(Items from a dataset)

----------------------------------------

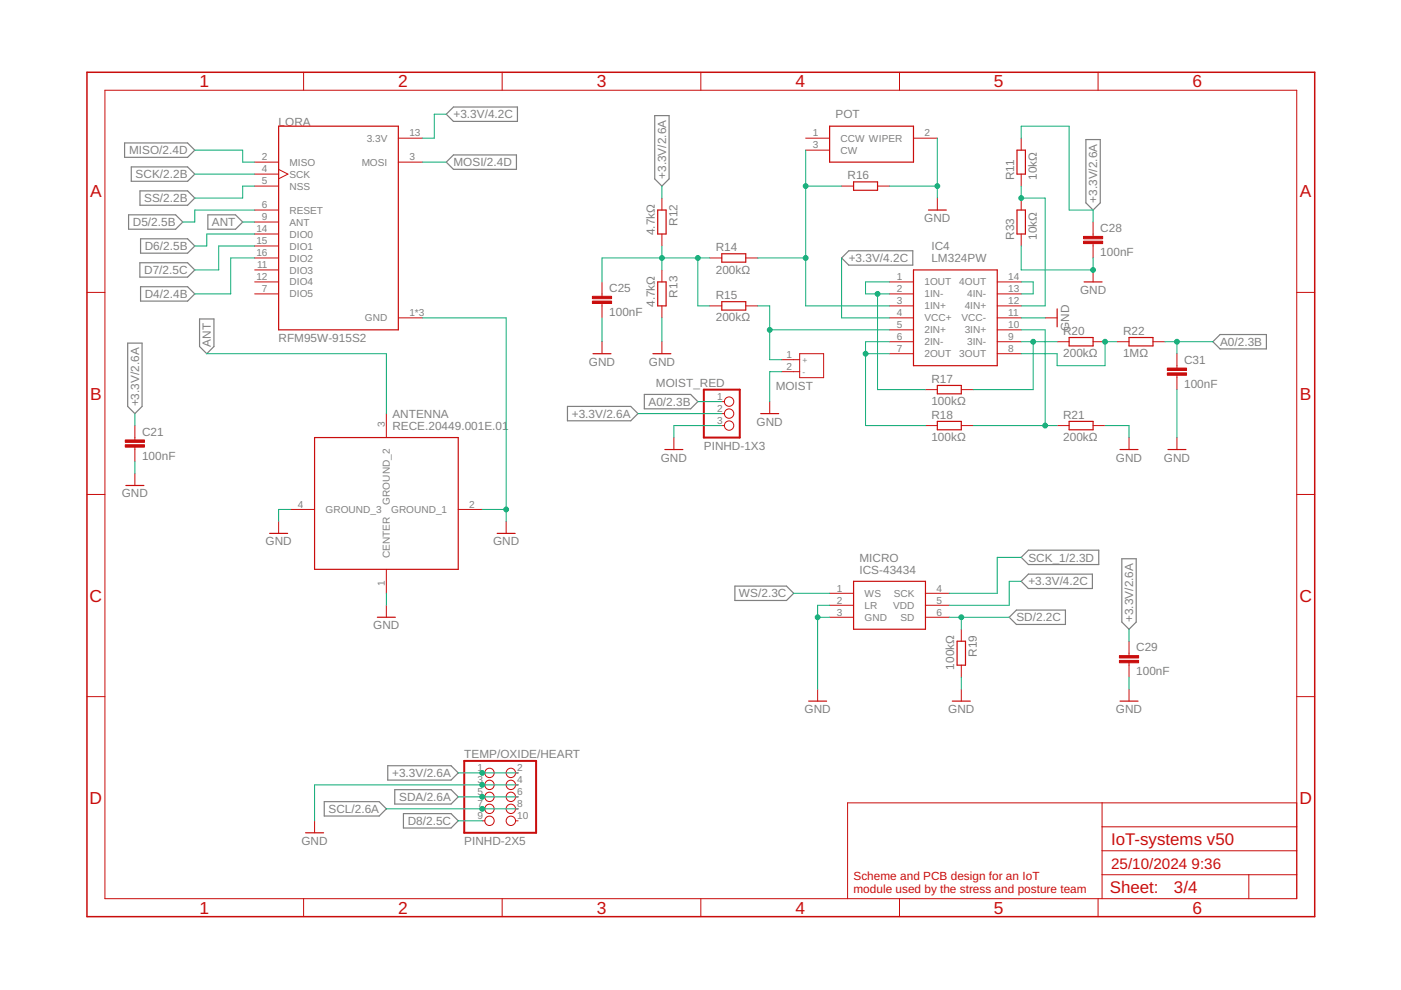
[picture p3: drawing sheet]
<svg xmlns="http://www.w3.org/2000/svg" width="297mm" height="210mm" viewBox="0 0 297 210" stroke-linecap="round" stroke-linejoin="round" font-family="sans-serif">
<g fill="none" stroke="#808080" stroke-width=".25">
<path d="M26.4 30.3h13.4l1.5 1.5-1.5 1.6h-13.4zM27.8 35.4h12l1.5 1.5-1.5 1.5h-12zM94.6 24.2l1.5-1.5h13.6v3h-13.6zM94.6 34.4l1.5-1.5h13.4v3h-13.4zM138.8 24.5h3.1v13.4l-1.6 1.6-1.5-1.6zM230.2 29.6h3.1v13.4l-1.5 1.5-1.6-1.5zM27.3 45.6h9.9l1.6 1.5-1.6 1.5h-9.9zM29.7 55.7h10.1l1.5 1.5-1.5 1.6h-10.1zM29.7 40.5h10.1l1.5 1.5-1.5 1.5h-10.1zM29.8 50.6h10l1.5 1.6-1.5 1.5h-10zM44.1 45.6h5.8l1.6 1.5-1.6 1.5h-5.8zM178.4 54.7l1.6-1.5h13.5v3h-13.5z"/>
<path d="M27.1 72.7h3v13.5l-1.5 1.5-1.5-1.5zM29.8 60.8h10l1.5 1.5-1.5 1.5h-10zM42.3 67.6h3.1v5.9l-1.6 1.5-1.5-1.5zM257.2 72.5l1.5-1.6h9.8v3.1h-9.8zM120.3 86.2h13.4l1.6 1.5-1.6 1.5h-13.4zM136.6 83.6h9.8l1.6 1.6-1.6 1.5h-9.8zM216.5 118.2l1.5-1.6h15v3.1h-15zM237.8 118.5h3.1v13.4l-1.5 1.5-1.6-1.5zM155.8 124.3h11l1.5 1.5-1.5 1.5h-11zM214 130.9l1.5-1.6h10.4v3.1h-10.4zM216.5 123.3l1.5-1.6h13.6v3.1h-13.6zM68.7 170h11.7l1.5 1.5-1.5 1.5h-11.7z"/>
<path d="M82.2 162.3h13.4l1.6 1.6-1.6 1.5h-13.4zM83.7 167.4h11.9l1.6 1.6-1.6 1.5h-11.9zM85.5 172.5h10.1l1.6 1.5-1.6 1.6h-10.1z"/>
</g>
<g fill="none" stroke="#c90d0c" stroke-width=".21">
<path d="M22.2 19.1h252.7v171.4h-252.7zM64.4 15.3v3.8M106.5 15.3v3.8M148.6 15.3v3.8M190.7 15.3v3.8M232.8 15.3v3.8M54 34.4h5.1M54 36.9h5.1M54 39.5h5.1M59.1 35.9l1.9 1-1.9 1M84.5 34.4h5M84.5 29.3h5"/>
<path d="M170.8 29.3h5.1M170.8 31.8h5.1M178.4 39.5h2.6M186.1 39.5h2.5M193.7 29.3h5M216.5 29.3v2.5M216.5 36.9v2.6M54 44.5h5.1M54 47.1h5.1M54 57.2h5.1M54 59.8h5.1M54 49.6h5.1"/>
<path d="M54 52.2h5.1M54 54.7h5.1M127.6 59.8v3M140.3 42v2.5M140.3 49.6v2.6M140.3 57.2v2.6M150.5 54.7h2.5M158.1 54.7h2.6M188.6 59.8h5.1M198.7 42v2.5M211.4 59.8h5.1M216.5 42v2.5"/>
<path d="M216.5 49.6v2.6M231.8 47.1v3M231.8 51.6v3.1M231.8 57.2v2.6M18.4 62h3.8M54 62.3h5.1M84.5 67.4h5M127.6 64.3v3.1M127.6 72.5v2.5M140.3 64.9v2.5M140.3 72.5v2.5M150.5 64.9h2.5"/>
<path d="M158.1 64.9h2.6M165.7 76.3h3.8M165.7 78.8h3.8M169.5 75h5.1v5.1h-5.1zM188.6 67.4h5.1M188.6 62.3h5.1M188.6 64.9h5.1M188.6 69.9h5.1M188.6 72.5h5.1M188.6 75h5.1M211.4 67.4h5.1M211.4 62.3h5.1"/>
<path d="M211.4 64.9h5.1M211.4 69.9h5.1M211.4 72.5h5.1M211.4 75h5.1M221.6 67.4h2.5M224.1 72.5h2.6M231.8 72.5h2.5M236.8 72.5h2.6M244.5 72.5h2.5M249.5 75v3M249.5 79.6v3M274.9 62h3.8"/>
<path d="M28.6 90.2v3.1M28.6 94.8v3.1M81.9 87.7v5.1M142.9 92.8v2.5M153 90.2h.6M153 85.2h.6M153 87.7h.6M163.2 85.2v2.5M196.2 82.6h2.5M196.2 90.2h2.5M203.8 82.6h2.6M203.8 90.2h2.6"/>
<path d="M224.1 90.2h2.6M231.8 90.2h2.5M239.4 92.8v2.5M249.5 92.8v2.5M18.4 104.8h3.8M28.6 100.4v2.5M59.1 110.6v2.5M61.6 108h5.1M97.2 108h5M107.3 110.6v2.5M274.9 104.8h3.8M81.9 120.7v5.1"/>
<path d="M81.9 128.3v2.6M175.9 125.8h5.1M175.9 128.3h5.1M175.9 130.9h5.1M196.2 125.8h5.1M196.2 128.3h5.1M196.2 130.9h5.1M203.8 133.4v2.6M239.4 136v3M18.4 147.7h3.8M173.4 146.1v2.6M203.8 141v2.6"/>
<path d="M203.8 146.1v2.6M239.4 140.5v3.1M239.4 146.1v2.6M274.9 147.7h3.8M66.7 174v2.6M102.2 163.9h.6M102.2 166.4h.6M102.2 169h.6M102.2 171.5h.6M102.2 174h.6M109.3 163.9h.6M109.3 166.4h.6"/>
<path d="M109.3 169h.6M109.3 171.5h.6M109.3 174h.6M233.7 170.2v20.3M233.7 175.3h41.2M274.9 170.2h-95.2v20.3M64.4 190.5v3.9M106.5 190.5v3.9M148.6 190.5v3.9M190.7 190.5v3.9M232.8 190.5v3.9M233.7 185.5h41.2"/>
<path d="M233.7 180.4h41.2M264.8 185.5v5"/>
<circle cx="154.6" cy="87.7" r=".99"/>
<circle cx="154.6" cy="90.2" r=".99"/>
<circle cx="154.6" cy="85.2" r=".99"/>
<circle cx="103.8" cy="169" r=".99"/>
<circle cx="103.8" cy="163.9" r=".99"/>
<circle cx="103.8" cy="166.4" r=".99"/>
<circle cx="103.8" cy="171.5" r=".99"/>
<circle cx="103.8" cy="174" r=".99"/>
<circle cx="108.3" cy="163.9" r=".99"/>
<circle cx="108.3" cy="169" r=".99"/>
<circle cx="108.3" cy="171.5" r=".99"/>
<circle cx="108.3" cy="166.4" r=".99"/>
<circle cx="108.3" cy="174" r=".99"/>
</g>
<path d="M18.4 15.3h260.3v179.1h-260.3z" fill="none" stroke="#c90d0c" stroke-width=".32"/>
<g fill="none" stroke="#c90d0c" stroke-width=".25">
<path d="M59.1 26.8h25.4v43.1h-25.4zM175.9 26.8h17.8v7.6h-17.8zM181 38.6h5.1v1.7h-5.1zM215.6 31.8h1.8v5.1h-1.8zM139.4 44.5h1.8v5.1h-1.8zM139.4 59.8h1.8v5.1h-1.8zM153 53.8h5.1v1.8h-5.1zM193.7 57.2h17.7v20.3h-17.7zM196.8 44.5h3.8M215.6 44.5h1.8v5.1h-1.8zM229.8 59.8h3.9M125.7 75h3.8"/>
<path d="M138.4 75h3.8M153 64h5.1v1.7h-5.1zM224.1 65.5v3.8M226.7 71.6h5.1v1.7h-5.1zM239.4 71.6h5.1v1.7h-5.1zM66.7 92.8h30.5v27.9h-30.5zM141 95.3h3.8M161.3 87.7h3.8M198.7 81.7h5.1v1.8h-5.1zM198.7 89.3h5.1v1.8h-5.1zM226.7 89.3h5.1v1.8h-5.1zM237.5 95.3h3.8"/>
<path d="M247.6 95.3h3.8M26.7 102.9h3.8M57.2 113.1h3.8M105.4 113.1h3.8M80 130.9h3.8M181 123.3h15.2v10.1h-15.2zM202.9 136h1.8v5h-1.8zM171.4 148.7h3.9M201.9 148.7h3.8M237.5 148.7h3.8M64.8 176.6h3.8"/>
</g>
<g fill="#c90d0c" stroke="#c90d0c" stroke-width=".21">
<path d="M26.6 94.3h4v.5h-4z"/>
<path d="M26.6 93.3h4v.5h-4z"/>
<path d="M125.6 63.8h4.1v.5h-4.1z"/>
<path d="M125.6 62.8h4.1v.5h-4.1z"/>
<path d="M247.5 79.1h4.1v.5h-4.1z"/>
<path d="M247.5 78h4.1v.5h-4.1z"/>
<path d="M229.7 51.1h4.1v.5h-4.1z"/>
<path d="M229.7 50.1h4.1v.5h-4.1z"/>
<path d="M237.3 140h4.1v.5h-4.1z"/>
<path d="M237.3 139h4.1v.5h-4.1z"/>
</g>
<path d="M149.2 82.6h7.6v10.2h-7.6zM98.4 161.3h15.3v15.3h-15.3z" fill="none" stroke="#c90d0c" stroke-width=".42"/>
<g fill="none" stroke="#0dab76" stroke-width=".21">
<path d="M41.3 31.8h10.2v2.6h2.5M41.3 36.9h12.7M54 39.5h-2.5v2.5h-10.2M89.5 34.4h5.1M94.6 24.2h-2.5v5.1h-2.6M140.3 39.5v2.5M170.8 39.5h7.6M170.8 31.8v33.1h17.8M188.6 39.5h10.1M198.7 29.3v12.7M216.5 29.3v-2.5h10.2v17.7h5.1v2.6M216.5 39.5v2.5h5.1v22.9h-5.1"/>
<path d="M51.5 47.1h2.5M54 44.5h-12.7v2.6h-2.5M54 49.6h-10.2v2.6h-2.5M54 52.2h-7.6v5h-5.1M54 54.7h-5.1v7.6h-7.6M140.3 52.2v5M148 54.7v10.2h2.5M150.5 54.7h-22.9v5.1M160.7 54.7h10.1M178.4 54.7v12.7h10.2M188.6 59.8h-5.1v2.5h5.1M216.5 52.2v5h15.3v-2.5"/>
<path d="M216.5 59.8h2.6v2.5h-2.6M43.8 75h38.1v12.7M89.5 67.4h17.8v43.2M127.6 67.4v5.1M140.3 67.4v5.1M160.7 64.9h2.5v11.4h2.5M163.2 69.9h25.4M165.7 78.8h-2.5v6.4M183.5 75h5.1M186.1 62.3v20.3h10.1M188.6 72.5h-5.1v17.7h12.7M216.5 67.4h5.1"/>
<path d="M216.5 69.9h5.1v20.3M216.5 72.5h7.6M219.1 72.5v10.1h-12.7M236.8 72.5h-2.5v5h-10.2v-2.5h-7.6M247 72.5h10.2M249.5 72.5v2.5M28.6 87.7v2.5M28.6 97.9v2.5M135.3 87.7h17.7M148 85.2h5M153 90.2h-10.1v2.6M206.4 90.2h17.7"/>
<path d="M234.3 90.2h5.1v2.6M249.5 82.6v10.2M61.6 108h-2.5v2.6M102.2 108h5.1M216.5 118.2h-5.1v7.6h-10.1M81.9 125.8v2.5M168.3 125.8h7.6M173.4 130.9h2.5M175.9 128.3h-2.5v17.8M201.3 130.9h12.7M203.8 130.9v2.5M216.5 123.3h-2.5v5h-12.7"/>
<path d="M239.4 133.4v2.6M203.8 143.6v2.5M239.4 143.6v2.5M81.9 171.5h28M97.2 163.9h12.7M97.2 169h12.7M97.2 174h5M109.9 166.4h-43.2v7.6"/>
</g>
<g fill="#0dab76" stroke="#0dab76" stroke-width=".21">
<circle cx="102.2" cy="163.9" r=".51"/>
<circle cx="107.3" cy="108" r=".51"/>
<circle cx="198.7" cy="39.5" r=".51"/>
<circle cx="231.8" cy="57.2" r=".51"/>
<circle cx="173.4" cy="130.9" r=".51"/>
<circle cx="102.2" cy="166.4" r=".51"/>
<circle cx="140.3" cy="54.7" r=".51"/>
<circle cx="148" cy="54.7" r=".51"/>
<circle cx="170.8" cy="39.5" r=".51"/>
<circle cx="170.8" cy="54.7" r=".51"/>
<circle cx="186.1" cy="62.3" r=".51"/>
<circle cx="163.2" cy="69.9" r=".51"/>
<circle cx="183.5" cy="75" r=".51"/>
<circle cx="219.1" cy="72.5" r=".51"/>
<circle cx="221.6" cy="90.2" r=".51"/>
<circle cx="234.3" cy="72.5" r=".51"/>
<circle cx="249.5" cy="72.5" r=".51"/>
<circle cx="203.8" cy="130.9" r=".51"/>
<circle cx="102.2" cy="169" r=".51"/>
<circle cx="102.2" cy="171.5" r=".51"/>
<circle cx="216.5" cy="42" r=".51"/>
</g>
<g font-size="3.7" fill="#c90d0c">
<text x="42.3" y="18.5">1</text>
<text x="84.4" y="18.5">2</text>
<text x="126.5" y="18.5">3</text>
<text x="168.6" y="18.5">4</text>
<text x="210.7" y="18.5">5</text>
<text x="252.9" y="18.5">6</text>
<text x="19.1" y="41.9">A</text>
<text x="275.6" y="41.9">A</text>
<text x="19.1" y="84.7">B</text>
<text x="275.6" y="84.7">B</text>
<text x="19" y="127.6">C</text>
<text x="275.5" y="127.6">C</text>
<text x="19" y="170.4">D</text>
<text x="275.5" y="170.4">D</text>
<text x="42.3" y="193.7">1</text>
<text x="84.4" y="193.7">2</text>
<text x="126.5" y="193.7">3</text>
<text x="168.6" y="193.7">4</text>
<text x="210.7" y="193.7">5</text>
<text x="252.9" y="193.7">6</text>
</g>
<g font-size="3.6" fill="#c90d0c">
<text x="235.6" y="179.1">IoT-systems v50</text>
<text x="235.3" y="189.4">Sheet:</text>
<text x="248.9" y="189.3">3/4</text>
</g>
<g font-size="3.2" fill="#c90d0c">
<text x="235.6" y="184.2">25/10/2024</text>
<text x="252.6" y="184.2">9:36</text>
</g>
<g font-size="2.5" fill="#808080">
<text x="59.1" y="26.8">LORA</text>
<text x="96.1" y="25.1">+3.3V/4.2C</text>
<text x="177.2" y="25.1">POT</text>
<text x="27.4" y="32.7">MISO/2.4D</text>
<text x="96.1" y="35.3">MOSI/2.4D</text>
<text x="28.8" y="37.8">SCK/2.2B</text>
<text x="141.2" y="37.9" transform="rotate(-90 141.2 37.9)">+3.3V/2.6A</text>
<text x="179.7" y="38">R16</text>
<text x="215" y="38.2" transform="rotate(-90 215 38.2)">R11</text>
<text x="219.8" y="38.2" transform="rotate(-90 219.8 38.2)">10kΩ</text>
<text x="28.2" y="48">D5/2.5B</text>
<text x="30.6" y="42.9">SS/2.2B</text>
<text x="44.9" y="48">ANT</text>
<text x="143.6" y="47.9" transform="rotate(-90 143.6 47.9)">R12</text>
<text x="196" y="47.1">GND</text>
<text x="232.6" y="43" transform="rotate(-90 232.6 43)">+3.3V/2.6A</text>
<text x="30.7" y="53">D6/2.5B</text>
<text x="138.8" y="49.9" transform="rotate(-90 138.8 49.9)">4.7kΩ</text>
<text x="151.8" y="53.2">R14</text>
<text x="197.5" y="53">IC4</text>
<text x="215" y="50.9" transform="rotate(-90 215 50.9)">R33</text>
<text x="219.8" y="50.9" transform="rotate(-90 219.8 50.9)">10kΩ</text>
<text x="233.3" y="49.2">C28</text>
<text x="30.6" y="58.1">D7/2.5C</text>
<text x="151.8" y="58">200kΩ</text>
<text x="180" y="55.6">+3.3V/4.2C</text>
<text x="197.5" y="55.6">LM324PW</text>
<text x="233.3" y="54.3">100nF</text>
<text x="30.7" y="63.2">D4/2.4B</text>
<text x="129.2" y="61.9">C25</text>
<text x="138.8" y="65.1" transform="rotate(-90 138.8 65.1)">4.7kΩ</text>
<text x="143.6" y="63.1" transform="rotate(-90 143.6 63.1)">R13</text>
<text x="151.8" y="63.3">R15</text>
<text x="229" y="62.3">GND</text>
<text x="129.2" y="67">100nF</text>
<text x="151.8" y="68.1">200kΩ</text>
<text x="225.4" y="71">R20</text>
<text x="226.7" y="70.2" transform="rotate(-90 226.7 70.2)">GND</text>
<text x="238.1" y="71">R22</text>
<text x="44.7" y="73.5" transform="rotate(-90 44.7 73.5)">ANT</text>
<text x="59.1" y="72.5">RFM95W-915S2</text>
<text x="124.9" y="77.5">GND</text>
<text x="137.6" y="77.5">GND</text>
<text x="225.4" y="75.8">200kΩ</text>
<text x="238.1" y="75.8">1MΩ</text>
<text x="251.1" y="77.2">C31</text>
<text x="258.7" y="73.4">A0/2.3B</text>
<text x="139.1" y="82">MOIST_RED</text>
<text x="164.5" y="82.6">MOIST</text>
<text x="197.5" y="81.1">R17</text>
<text x="251.1" y="82.2">100nF</text>
<text x="29.5" y="86.2" transform="rotate(-90 29.5 86.2)">+3.3V/2.6A</text>
<text x="83.2" y="88.6">ANTENNA</text>
<text x="121.2" y="88.6">+3.3V/2.6A</text>
<text x="137.5" y="86">A0/2.3B</text>
<text x="197.5" y="85.9">100kΩ</text>
<text x="197.5" y="88.7">R18</text>
<text x="225.4" y="88.7">R21</text>
<text x="30.1" y="92.4">C21</text>
<text x="83.2" y="91.1">RECE.20449.001E.01</text>
<text x="149.2" y="95.3">PINHD-1X3</text>
<text x="160.4" y="90.2">GND</text>
<text x="197.5" y="93.5">100kΩ</text>
<text x="225.4" y="93.5">200kΩ</text>
<text x="30.1" y="97.5">100nF</text>
<text x="140.1" y="97.9">GND</text>
<text x="236.6" y="97.9">GND</text>
<text x="246.8" y="97.9">GND</text>
<text x="25.8" y="105.5">GND</text>
<text x="56.3" y="115.6">GND</text>
<text x="104.5" y="115.6">GND</text>
<text x="182.2" y="119.1">MICRO</text>
<text x="218" y="119.1">SCK_1/2.3D</text>
<text x="182.2" y="121.6">ICS-43434</text>
<text x="218" y="124.1">+3.3V/4.2C</text>
<text x="156.7" y="126.7">WS/2.3C</text>
<text x="215.5" y="131.8">SD/2.2C</text>
<text x="240.3" y="131.9" transform="rotate(-90 240.3 131.9)">+3.3V/2.6A</text>
<text x="79.2" y="133.4">GND</text>
<text x="202.3" y="142" transform="rotate(-90 202.3 142)">100kΩ</text>
<text x="207.1" y="139.3" transform="rotate(-90 207.1 139.3)">R19</text>
<text x="240.9" y="143.2">100nF</text>
<text x="240.9" y="138.1">C29</text>
<text x="170.6" y="151.2">GND</text>
<text x="201.1" y="151.2">GND</text>
<text x="236.6" y="151.2">GND</text>
<text x="98.4" y="160.7">TEMP/OXIDE/HEART</text>
<text x="83.2" y="164.8">+3.3V/2.6A</text>
<text x="69.7" y="172.4">SCL/2.6A</text>
<text x="84.6" y="169.8">SDA/2.6A</text>
<text x="63.9" y="179.1">GND</text>
<text x="86.5" y="174.9">D8/2.5C</text>
<text x="98.4" y="179.1">PINHD-2X5</text>
</g>
<g font-size="2.5" fill="#c90d0c">
<text x="181" y="186.6">Scheme and PCB design for an IoT</text>
<text x="181" y="189.3">module used by the stress and posture team</text>
</g>
<g font-size="2.1" fill="#808080">
<text x="86.8" y="28.9">13</text>
<text x="172.4" y="28.9">1</text>
<text x="196" y="28.9">2</text>
<text x="55.5" y="34">2</text>
<text x="61.4" y="35.1">MISO</text>
<text x="76.7" y="35.1">MOSI</text>
<text x="77.7" y="30.1">3.3V</text>
<text x="86.8" y="34">3</text>
<text x="172.4" y="31.5">3</text>
<text x="178.2" y="30.1">CCW WIPER</text>
<text x="178.2" y="32.6">CW</text>
<text x="55.5" y="36.6">4</text>
<text x="55.5" y="39.1">5</text>
<text x="61.4" y="37.7">SCK</text>
<text x="61.4" y="40.2">NSS</text>
<text x="55.5" y="44.2">6</text>
<text x="55.5" y="46.7">9</text>
<text x="61.4" y="45.3">RESET</text>
<text x="61.4" y="47.8">ANT</text>
<text x="54.4" y="49.3">14</text>
<text x="54.4" y="51.8">15</text>
<text x="61.4" y="50.4">DIO0</text>
<text x="61.4" y="52.9">DIO1</text>
<text x="54.4" y="59.4">12</text>
<text x="54.4" y="54.3">16</text>
<text x="54.5" y="56.9">11</text>
<text x="61.4" y="58">DIO3</text>
<text x="61.4" y="55.4">DIO2</text>
<text x="190.1" y="59.4">1</text>
<text x="213.8" y="59.4">14</text>
<text x="55.5" y="62">7</text>
<text x="61.4" y="63.1">DIO5</text>
<text x="61.4" y="60.5">DIO4</text>
<text x="190.1" y="62">2</text>
<text x="190.1" y="64.5">3</text>
<text x="196" y="60.5">1OUT</text>
<text x="196" y="63.1">1IN-</text>
<text x="196" y="65.6">1IN+</text>
<text x="203.4" y="60.5">4OUT</text>
<text x="204.5" y="65.6">4IN+</text>
<text x="205.1" y="63.1">4IN-</text>
<text x="213.8" y="62">13</text>
<text x="213.8" y="64.5">12</text>
<text x="77.4" y="68.1">GND</text>
<text x="86.8" y="67">1*3</text>
<text x="190.1" y="67">4</text>
<text x="190.1" y="69.6">5</text>
<text x="196" y="68.1">VCC+</text>
<text x="196" y="70.7">2IN+</text>
<text x="203.9" y="68.1">VCC-</text>
<text x="204.5" y="70.7">3IN+</text>
<text x="213.8" y="67">11</text>
<text x="213.8" y="69.6">10</text>
<text x="166.7" y="75.9">1</text>
<text x="190.1" y="72.1">6</text>
<text x="190.1" y="74.6">7</text>
<text x="196" y="73.2">2IN-</text>
<text x="196" y="75.8">2OUT</text>
<text x="203.4" y="75.8">3OUT</text>
<text x="205.1" y="73.2">3IN-</text>
<text x="213.8" y="72.1">9</text>
<text x="213.8" y="74.6">8</text>
<text x="166.7" y="78.5">2</text>
<text x="152.1" y="84.8">1</text>
<text x="152.1" y="87.3">2</text>
<text x="152.1" y="89.9">3</text>
<text x="81.6" y="90.4" transform="rotate(-90 81.6 90.4)">3</text>
<text x="63.2" y="107.7">4</text>
<text x="82.7" y="107" transform="rotate(-90 82.7 107)">GROUND_2</text>
<text x="99.5" y="107.7">2</text>
<text x="69" y="108.8">GROUND_3</text>
<text x="82.9" y="108.8">GROUND_1</text>
<text x="82.7" y="118.4" transform="rotate(-90 82.7 118.4)">CENTER</text>
<text x="81.6" y="124.2" transform="rotate(-90 81.6 124.2)">1</text>
<text x="177.4" y="125.4">1</text>
<text x="198.5" y="125.4">4</text>
<text x="177.4" y="128">2</text>
<text x="177.4" y="130.5">3</text>
<text x="183.3" y="126.6">WS</text>
<text x="183.3" y="129.1">LR</text>
<text x="183.3" y="131.6">GND</text>
<text x="189.4" y="129.1">VDD</text>
<text x="189.5" y="126.6">SCK</text>
<text x="190.9" y="131.6">SD</text>
<text x="198.5" y="128">5</text>
<text x="198.5" y="130.5">6</text>
<text x="101.3" y="163.5">1</text>
<text x="101.3" y="166.1">3</text>
<text x="109.7" y="163.5">2</text>
<text x="109.7" y="166.1">4</text>
<text x="101.3" y="168.6">5</text>
<text x="101.3" y="171.1">7</text>
<text x="101.3" y="173.7">9</text>
<text x="109.7" y="168.6">6</text>
<text x="109.7" y="171.1">8</text>
<text x="109.7" y="173.7">10</text>
</g>
<g font-size="1.8" fill="#808080">
<text x="170.2" y="76.9">+</text>
<text x="170.2" y="79.4">-</text>
</g>
</svg>

----------------------------------------

■ **PROBLEM DETAILS**
Pull out every line holding "none" from the records above, and copy it.

■ **WRITTEN SOLUTION**
<g fill="none" stroke="#808080" stroke-width=".25">
<g fill="none" stroke="#c90d0c" stroke-width=".21">
<path d="M18.4 15.3h260.3v179.1h-260.3z" fill="none" stroke="#c90d0c" stroke-width=".32"/>
<g fill="none" stroke="#c90d0c" stroke-width=".25">
<path d="M149.2 82.6h7.6v10.2h-7.6zM98.4 161.3h15.3v15.3h-15.3z" fill="none" stroke="#c90d0c" stroke-width=".42"/>
<g fill="none" stroke="#0dab76" stroke-width=".21">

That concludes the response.